Rien de plus clair : toutes les règles relatives à la procédure pénale relèvent de la seule compétence du législateur.
Or, aux termes de la décision du Conseil constitutionnel, c’est l’alinéa 2 de l’article 495-6-1 du Code de procédure pénale, issu du projet de loi, qui est déclaré contraire à la Constitution pour incompétence négative.
Voici ce texte, issu de l’article 6 de la loi HADOPI 2 – en réalité le projet de loi « relatif à la protection pénale de la propriété littéraire et artistique sur internet » – tel qu’il fut adopté définitivement par l’Assemblée nationale le 22 septembre 2009 :
« Art. 495-6-1. – Les délits prévus aux articles L. 335-2, L. 335-3 et L. 335-4 du code de la propriété intellectuelle, lorsqu’ils sont commis au moyen d’un service de communication au public en ligne, peuvent également faire l’objet de la procédure simplifiée de l’ordonnance pénale prévue par la présente section.
« Dans ce cas, la victime peut demander au président de statuer, par la même ordonnance se prononçant sur l’action publique, sur sa constitution de partie civile. L’ordonnance est alors notifiée à la partie civile et peut faire l’objet d’une opposition selon les modalités prévues par l’article 495-3. »
Certes, comme l’a indiqué le ministre dans son communiqué, l’alinéa 1er, qui établit la possibilité de procédure simplifiée, subsiste donc. Mais, de manière assez claire, cette procédure ne pourra être mise en œuvre puisque les modalités de son exercice n’ont pas été suffisamment précisées. Pour qu’elles le soient, il faudra donc, là encore comme le dit le ministre, que le législateur complète sa copie.

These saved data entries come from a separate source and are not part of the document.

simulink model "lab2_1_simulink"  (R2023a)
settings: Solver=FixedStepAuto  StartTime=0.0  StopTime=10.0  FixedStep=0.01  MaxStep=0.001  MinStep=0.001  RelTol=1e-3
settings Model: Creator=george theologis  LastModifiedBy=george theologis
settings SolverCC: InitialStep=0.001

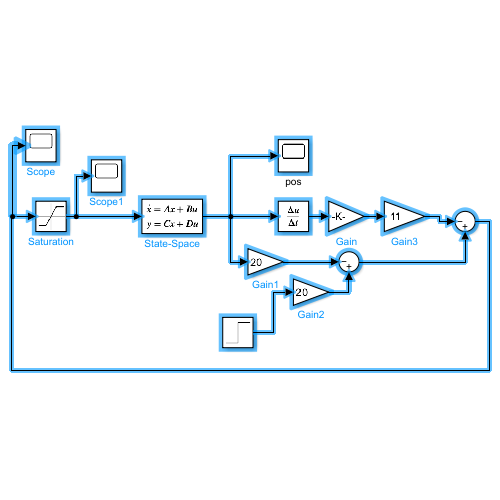
[thumbnail: Simulink's stored preview of the top-level diagram]
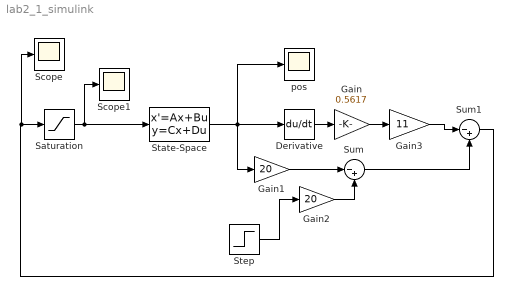
== system lab2_1_simulink ==
  Derivative : Derivative
  Gain : Gain  Gain=0.5617
  Gain1 : Gain  Gain=20
  Gain2 : Gain  Gain=20
  Gain3 : Gain  Gain=11
  Saturation : Saturate  UpperLimit=10  LowerLimit=-10
  Scope : Scope
  Scope1 : Scope
  State-Space : StateSpace  A=|  B=[0;1.6906;]  C=[1 0]  D=0  InitialCondition=[2;0;]
      | [0 1.7802
      | ;0 1/0.53;]
  Step : Step  Time=0  After=5  SampleTime=0
  Sum : Sum  Inputs=|-+
  Sum1 : Sum  Inputs=|-+
  pos : Scope
  wires:
  State-Space/1 -> Derivative/1, Gain1/1, pos/1
  Gain1/1 -> Sum/1
  Step/1 -> Gain2/1
  Gain2/1 -> Sum/2
  Gain/1 -> Gain3/1
  Gain3/1 -> Sum1/1
  Sum/1 -> Sum1/2
  Derivative/1 -> Gain/1
  Sum1/1 -> Scope/1, Saturation/1
  Saturation/1 -> State-Space/1, Scope1/1

Mais aujourd’hui, et en l’absence d’un nouveau texte – qu’il s’agisse d’une loi spécifique, qui sera donc baptisée HADOPI 3 ; ou qu’il s’agisse d’un « cavalier législatif » et donc d’un amendement inséré dans un futur texte, étant rappelé que le Conseil constitutionnel se montre très sévère à l’égard des « cavaliers » sans rapport avec le projet ou la proposition de loi en cause – comment les choses vont-elles concrètement se passer ?
D’une manière générale, il apparaît que la loi sort gravement amputée à la suite de cette censure partielle car, au final, et en l’état, il n’y aura pas de sanctions pénales « accélérées », et si l’on considère l’engorgement chronique des tribunaux et donc, du fait de la censure, la nécessité de saisir des tribunaux correctionnels statuant de manière collégiale, il n’y aura, concrètement, que très peu de décisions, mais en réalité seulement quelques exemples,… comme avant.
On pense à la devise de Tancrède dans le Guépard, ce roman de Lampedusa, qui n’est finalement pas très éloignée de la position actuelle du ministre, et des difficultés réelles qui se présentent à lui : "Il faut que tout change, pour que rien ne change"*.
Et donc la saga continue, pour le plus grand bonheur des juristes mais aussi, bien au-delà d’eux, de tous ceux qui apprécient le commentaire, le décryptage et l’interprétation des textes présentés au Parlement,… et des futures décisions du Conseil constitutionnel.
Me Cyril Rojinsky
Avocat au Barreau de Paris
* Se vogliamo che tutto rimanga come è, bisogna che tutto cambi!